INSTRUCTIONS FOR THE TASK>
Transcribe the lines below exactly. No image belongs in the transcription.

##### DATA FOR THIS EXERCISE

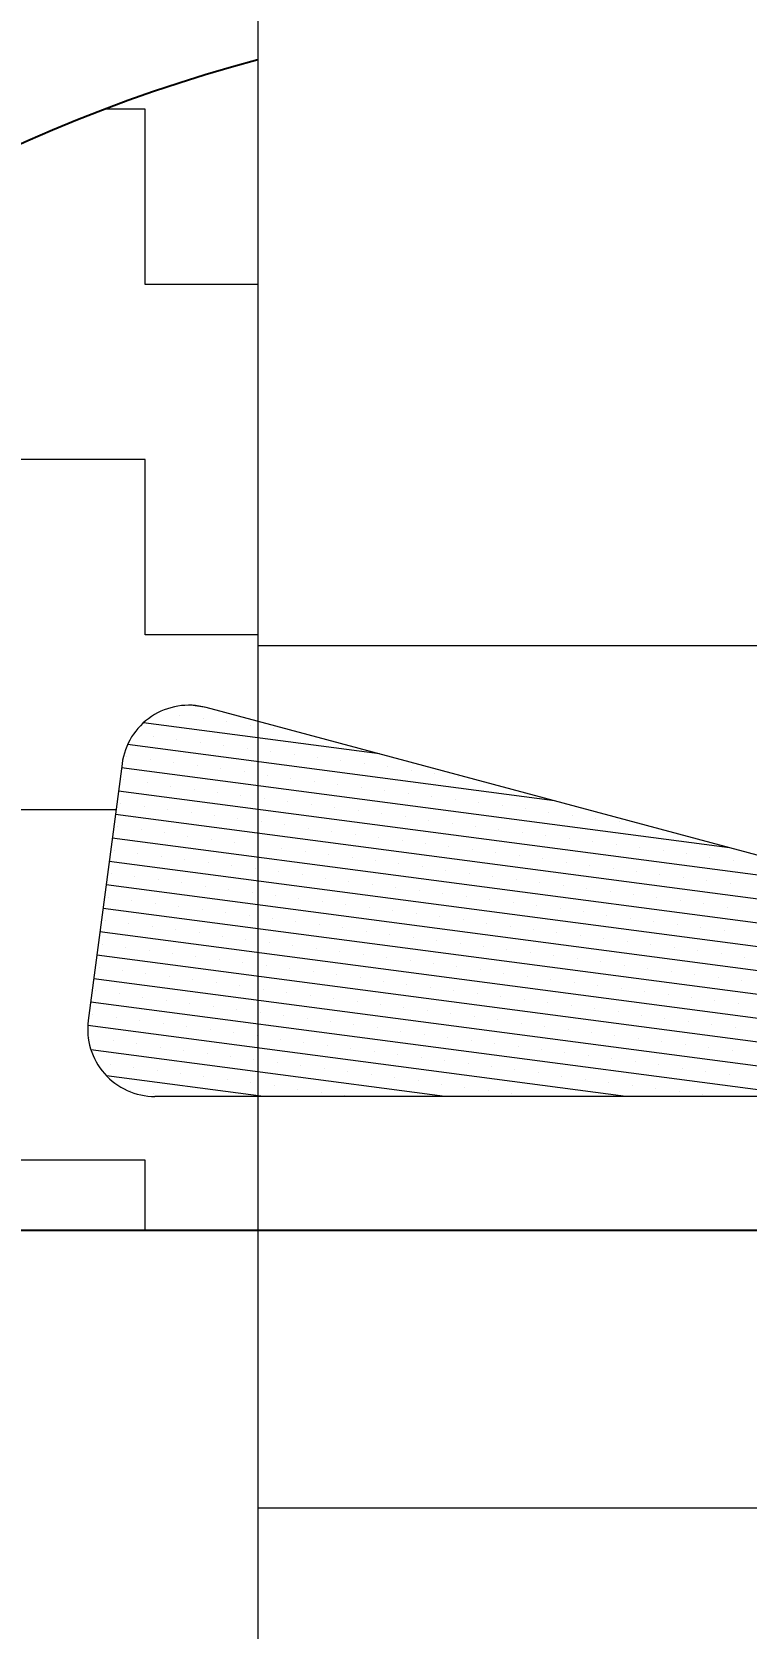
# Model space of a CAD drawing. Header units: inches. Extents: x 0 to 1042, y 0 to 126.
# Drawn here: x 758.037 to 758.292, y 95.692 to 96.261 of the extents above; entities that cross this region are included whole.
import ezdxf
from ezdxf import colors
from ezdxf.entities.mleader import LeaderData, LeaderLine
from ezdxf.math import Vec2, Vec3

# ---------------------------------------------------------------- set-up
doc = ezdxf.new("R2010")
doc.units = ezdxf.units.IN
doc.header["$MEASUREMENT"] = 0
doc.layers.get('Defpoints').update_dxf_attribs({"color": 103})
for name, color, linetype, lineweight in [('BP Mastic', 191, 'Continuous', 0), ('BP Others', 190, 'Continuous', 0), ('BP Text', 20, 'Continuous', 0)]:
    doc.layers.add(name, color=color, linetype=linetype, lineweight=lineweight)
doc.layers.add('BP Metal', color=7, linetype='Continuous', true_color=0x803345)
doc.styles.get("Standard").update_dxf_attribs({"font": 'ARIALN.TTF'})

# ---------------------------------------------------------------- blocks, each defined once
blk = doc.blocks.new('*X62')
at = {"color": 0}
for p, q in [((15.93002, 19.63201), (15.93497, 19.63266)), ((15.93033, 19.62761), (15.93033, 19.62761)), ((15.93904, 19.62876), (15.93904, 19.62876)), ((15.86489, 19.61457), (15.95261, 19.62611)), ((15.90418, 19.62417), (15.90418, 19.62417)), ((15.9129, 19.62532), (15.9129, 19.62532)), ((15.92161, 19.62647), (15.92161, 19.62647)), ((15.9489, 19.62119), (15.9489, 19.62119)), ((15.79985, 19.59714), (15.95849, 19.61802)), ((15.90533, 19.61546), (15.90533, 19.61546)), ((15.91405, 19.6166), (15.91405, 19.6166)), ((15.92276, 19.61775), (15.92276, 19.61775)), ((15.93147, 19.6189), (15.93147, 19.6189)), ((15.94019, 19.62005), (15.94019, 19.62005)), ((15.73481, 19.57971), (15.96072, 19.60945)), ((15.86176, 19.60972), (15.86176, 19.60972)), ((15.87048, 19.61087), (15.87048, 19.61087)), ((15.87919, 19.61202), (15.87919, 19.61202)), ((15.8879, 19.61316), (15.8879, 19.61316)), ((15.89662, 19.61431), (15.89662, 19.61431)), ((15.92391, 19.60904), (15.92391, 19.60904)), ((15.93262, 19.61019), (15.93262, 19.61019)), ((15.94133, 19.61133), (15.94133, 19.61133)), ((15.95005, 19.61248), (15.95005, 19.61248)), ((15.95876, 19.61363), (15.95876, 19.61363)), ((15.83562, 19.60628), (15.83562, 19.60628)), ((15.84433, 19.60743), (15.84433, 19.60743)), ((15.85305, 19.60857), (15.85305, 19.60857)), ((15.88034, 19.6033), (15.88034, 19.6033)), ((15.88905, 19.60445), (15.88905, 19.60445)), ((15.89776, 19.6056), (15.89776, 19.6056)), ((15.90648, 19.60674), (15.90648, 19.60674)), ((15.91519, 19.60789), (15.91519, 19.60789)), ((15.95119, 19.60377), (15.95119, 19.60377)), ((15.95991, 19.60491), (15.95991, 19.60491)), ((15.66976, 19.56228), (15.96187, 19.60074)), ((15.83677, 19.59757), (15.83677, 19.59757)), ((15.84548, 19.59871), (15.84548, 19.59871)), ((15.8542, 19.59986), (15.8542, 19.59986)), ((15.86291, 19.60101), (15.86291, 19.60101)), ((15.87162, 19.60215), (15.87162, 19.60215)), ((15.90763, 19.59803), (15.90763, 19.59803)), ((15.91634, 19.59918), (15.91634, 19.59918)), ((15.92505, 19.60032), (15.92505, 19.60032)), ((15.93377, 19.60147), (15.93377, 19.60147)), ((15.94248, 19.60262), (15.94248, 19.60262)), ((15.60472, 19.54485), (15.96302, 19.59202)), ((15.7932, 19.59183), (15.7932, 19.59183)), ((15.80191, 19.59298), (15.80191, 19.59298)), ((15.81063, 19.59412), (15.81063, 19.59412)), ((15.81934, 19.59527), (15.81934, 19.59527)), ((15.82805, 19.59642), (15.82805, 19.59642)), ((15.85534, 19.59115), (15.85534, 19.59115)), ((15.86406, 19.59229), (15.86406, 19.59229)), ((15.87277, 19.59344), (15.87277, 19.59344)), ((15.88148, 19.59459), (15.88148, 19.59459)), ((15.8902, 19.59574), (15.8902, 19.59574)), ((15.89891, 19.59688), (15.89891, 19.59688)), ((15.9262, 19.59161), (15.9262, 19.59161)), ((15.93491, 19.59276), (15.93491, 19.59276)), ((15.94363, 19.5939), (15.94363, 19.5939)), ((15.95234, 19.59505), (15.95234, 19.59505)), ((15.96106, 19.5962), (15.96106, 19.5962)), ((15.77577, 19.58954), (15.77577, 19.58954)), ((15.78448, 19.59068), (15.78448, 19.59068)), ((15.81177, 19.58541), (15.81177, 19.58541)), ((15.82049, 19.58656), (15.82049, 19.58656)), ((15.8292, 19.5877), (15.8292, 19.5877)), ((15.83791, 19.58885), (15.83791, 19.58885)), ((15.84663, 19.59), (15.84663, 19.59)), ((15.88263, 19.58587), (15.88263, 19.58587)), ((15.89135, 19.58702), (15.89135, 19.58702)), ((15.90006, 19.58817), (15.90006, 19.58817)), ((15.90877, 19.58932), (15.90877, 19.58932)), ((15.91749, 19.59046), (15.91749, 19.59046)), ((15.94478, 19.58519), (15.94478, 19.58519)), ((15.95349, 19.58634), (15.95349, 19.58634)), ((15.9622, 19.58749), (15.9622, 19.58749)), ((15.56252, 19.53043), (15.96416, 19.58331)), ((15.7682, 19.57967), (15.7682, 19.57967)), ((15.77692, 19.58082), (15.77692, 19.58082)), ((15.78563, 19.58197), (15.78563, 19.58197)), ((15.79435, 19.58312), (15.79435, 19.58312)), ((15.80306, 19.58426), (15.80306, 19.58426)), ((15.83906, 19.58014), (15.83906, 19.58014)), ((15.84778, 19.58129), (15.84778, 19.58129)), ((15.85649, 19.58243), (15.85649, 19.58243)), ((15.8652, 19.58358), (15.8652, 19.58358)), ((15.87392, 19.58473), (15.87392, 19.58473)), ((15.90121, 19.57945), (15.90121, 19.57945)), ((15.90992, 19.5806), (15.90992, 19.5806)), ((15.91863, 19.58175), (15.91863, 19.58175)), ((15.92735, 19.5829), (15.92735, 19.5829)), ((15.93606, 19.58404), (15.93606, 19.58404)), ((15.55617, 19.52073), (15.96531, 19.5746)), ((15.73335, 19.57509), (15.73335, 19.57509)), ((15.74206, 19.57623), (15.74206, 19.57623)), ((15.75078, 19.57738), (15.75078, 19.57738)), ((15.75949, 19.57853), (15.75949, 19.57853)), ((15.78678, 19.57325), (15.78678, 19.57325)), ((15.79549, 19.5744), (15.79549, 19.5744)), ((15.80421, 19.57555), (15.80421, 19.57555)), ((15.81292, 19.5767), (15.81292, 19.5767)), ((15.82163, 19.57784), (15.82163, 19.57784)), ((15.83035, 19.57899), (15.83035, 19.57899)), ((15.85764, 19.57372), (15.85764, 19.57372)), ((15.86635, 19.57487), (15.86635, 19.57487)), ((15.87506, 19.57601), (15.87506, 19.57601)), ((15.88378, 19.57716), (15.88378, 19.57716)), ((15.89249, 19.57831), (15.89249, 19.57831)), ((15.92849, 19.57418), (15.92849, 19.57418)), ((15.93721, 19.57533), (15.93721, 19.57533)), ((15.94592, 19.57648), (15.94592, 19.57648)), ((15.95464, 19.57762), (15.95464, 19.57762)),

##########

WRITTEN RESPONSE>
# Model space of a CAD drawing. Header units: inches. Extents: x 0 to 1042, y 0 to 126.
# Drawn here: x 758.037 to 758.292, y 95.692 to 96.261 of the extents above; entities that cross this region are included whole.
import ezdxf
from ezdxf import colors
from ezdxf.entities.mleader import LeaderData, LeaderLine
from ezdxf.math import Vec2, Vec3

# ---------------------------------------------------------------- set-up
doc = ezdxf.new("R2010")
doc.units = ezdxf.units.IN
doc.header["$MEASUREMENT"] = 0
doc.layers.get('Defpoints').update_dxf_attribs({"color": 103})
for name, color, linetype, lineweight in [('BP Mastic', 191, 'Continuous', 0), ('BP Others', 190, 'Continuous', 0), ('BP Text', 20, 'Continuous', 0)]:
    doc.layers.add(name, color=color, linetype=linetype, lineweight=lineweight)
doc.layers.add('BP Metal', color=7, linetype='Continuous', true_color=0x803345)
doc.styles.get("Standard").update_dxf_attribs({"font": 'ARIALN.TTF'})

# ---------------------------------------------------------------- blocks, each defined once
blk = doc.blocks.new('*X62')
at = {"color": 0}
for p, q in [((15.93002, 19.63201), (15.93497, 19.63266)), ((15.93033, 19.62761), (15.93033, 19.62761)), ((15.93904, 19.62876), (15.93904, 19.62876)), ((15.86489, 19.61457), (15.95261, 19.62611)), ((15.90418, 19.62417), (15.90418, 19.62417)), ((15.9129, 19.62532), (15.9129, 19.62532)), ((15.92161, 19.62647), (15.92161, 19.62647)), ((15.9489, 19.62119), (15.9489, 19.62119)), ((15.79985, 19.59714), (15.95849, 19.61802)), ((15.90533, 19.61546), (15.90533, 19.61546)), ((15.91405, 19.6166), (15.91405, 19.6166)), ((15.92276, 19.61775), (15.92276, 19.61775)), ((15.93147, 19.6189), (15.93147, 19.6189)), ((15.94019, 19.62005), (15.94019, 19.62005)), ((15.73481, 19.57971), (15.96072, 19.60945)), ((15.86176, 19.60972), (15.86176, 19.60972)), ((15.87048, 19.61087), (15.87048, 19.61087)), ((15.87919, 19.61202), (15.87919, 19.61202)), ((15.8879, 19.61316), (15.8879, 19.61316)), ((15.89662, 19.61431), (15.89662, 19.61431)), ((15.92391, 19.60904), (15.92391, 19.60904)), ((15.93262, 19.61019), (15.93262, 19.61019)), ((15.94133, 19.61133), (15.94133, 19.61133)), ((15.95005, 19.61248), (15.95005, 19.61248)), ((15.95876, 19.61363), (15.95876, 19.61363)), ((15.83562, 19.60628), (15.83562, 19.60628)), ((15.84433, 19.60743), (15.84433, 19.60743)), ((15.85305, 19.60857), (15.85305, 19.60857)), ((15.88034, 19.6033), (15.88034, 19.6033)), ((15.88905, 19.60445), (15.88905, 19.60445)), ((15.89776, 19.6056), (15.89776, 19.6056)), ((15.90648, 19.60674), (15.90648, 19.60674)), ((15.91519, 19.60789), (15.91519, 19.60789)), ((15.95119, 19.60377), (15.95119, 19.60377)), ((15.95991, 19.60491), (15.95991, 19.60491)), ((15.66976, 19.56228), (15.96187, 19.60074)), ((15.83677, 19.59757), (15.83677, 19.59757)), ((15.84548, 19.59871), (15.84548, 19.59871)), ((15.8542, 19.59986), (15.8542, 19.59986)), ((15.86291, 19.60101), (15.86291, 19.60101)), ((15.87162, 19.60215), (15.87162, 19.60215)), ((15.90763, 19.59803), (15.90763, 19.59803)), ((15.91634, 19.59918), (15.91634, 19.59918)), ((15.92505, 19.60032), (15.92505, 19.60032)), ((15.93377, 19.60147), (15.93377, 19.60147)), ((15.94248, 19.60262), (15.94248, 19.60262)), ((15.60472, 19.54485), (15.96302, 19.59202)), ((15.7932, 19.59183), (15.7932, 19.59183)), ((15.80191, 19.59298), (15.80191, 19.59298)), ((15.81063, 19.59412), (15.81063, 19.59412)), ((15.81934, 19.59527), (15.81934, 19.59527)), ((15.82805, 19.59642), (15.82805, 19.59642)), ((15.85534, 19.59115), (15.85534, 19.59115)), ((15.86406, 19.59229), (15.86406, 19.59229)), ((15.87277, 19.59344), (15.87277, 19.59344)), ((15.88148, 19.59459), (15.88148, 19.59459)), ((15.8902, 19.59574), (15.8902, 19.59574)), ((15.89891, 19.59688), (15.89891, 19.59688)), ((15.9262, 19.59161), (15.9262, 19.59161)), ((15.93491, 19.59276), (15.93491, 19.59276)), ((15.94363, 19.5939), (15.94363, 19.5939)), ((15.95234, 19.59505), (15.95234, 19.59505)), ((15.96106, 19.5962), (15.96106, 19.5962)), ((15.77577, 19.58954), (15.77577, 19.58954)), ((15.78448, 19.59068), (15.78448, 19.59068)), ((15.81177, 19.58541), (15.81177, 19.58541)), ((15.82049, 19.58656), (15.82049, 19.58656)), ((15.8292, 19.5877), (15.8292, 19.5877)), ((15.83791, 19.58885), (15.83791, 19.58885)), ((15.84663, 19.59), (15.84663, 19.59)), ((15.88263, 19.58587), (15.88263, 19.58587)), ((15.89135, 19.58702), (15.89135, 19.58702)), ((15.90006, 19.58817), (15.90006, 19.58817)), ((15.90877, 19.58932), (15.90877, 19.58932)), ((15.91749, 19.59046), (15.91749, 19.59046)), ((15.94478, 19.58519), (15.94478, 19.58519)), ((15.95349, 19.58634), (15.95349, 19.58634)), ((15.9622, 19.58749), (15.9622, 19.58749)), ((15.56252, 19.53043), (15.96416, 19.58331)), ((15.7682, 19.57967), (15.7682, 19.57967)), ((15.77692, 19.58082), (15.77692, 19.58082)), ((15.78563, 19.58197), (15.78563, 19.58197)), ((15.79435, 19.58312), (15.79435, 19.58312)), ((15.80306, 19.58426), (15.80306, 19.58426)), ((15.83906, 19.58014), (15.83906, 19.58014)), ((15.84778, 19.58129), (15.84778, 19.58129)), ((15.85649, 19.58243), (15.85649, 19.58243)), ((15.8652, 19.58358), (15.8652, 19.58358)), ((15.87392, 19.58473), (15.87392, 19.58473)), ((15.90121, 19.57945), (15.90121, 19.57945)), ((15.90992, 19.5806), (15.90992, 19.5806)), ((15.91863, 19.58175), (15.91863, 19.58175)), ((15.92735, 19.5829), (15.92735, 19.5829)), ((15.93606, 19.58404), (15.93606, 19.58404)), ((15.55617, 19.52073), (15.96531, 19.5746)), ((15.73335, 19.57509), (15.73335, 19.57509)), ((15.74206, 19.57623), (15.74206, 19.57623)), ((15.75078, 19.57738), (15.75078, 19.57738)), ((15.75949, 19.57853), (15.75949, 19.57853)), ((15.78678, 19.57325), (15.78678, 19.57325)), ((15.79549, 19.5744), (15.79549, 19.5744)), ((15.80421, 19.57555), (15.80421, 19.57555)), ((15.81292, 19.5767), (15.81292, 19.5767)), ((15.82163, 19.57784), (15.82163, 19.57784)), ((15.83035, 19.57899), (15.83035, 19.57899)), ((15.85764, 19.57372), (15.85764, 19.57372)), ((15.86635, 19.57487), (15.86635, 19.57487)), ((15.87506, 19.57601), (15.87506, 19.57601)), ((15.88378, 19.57716), (15.88378, 19.57716)), ((15.89249, 19.57831), (15.89249, 19.57831)), ((15.92849, 19.57418), (15.92849, 19.57418)), ((15.93721, 19.57533), (15.93721, 19.57533)), ((15.94592, 19.57648), (15.94592, 19.57648)), ((15.95464, 19.57762), (15.95464, 19.57762)),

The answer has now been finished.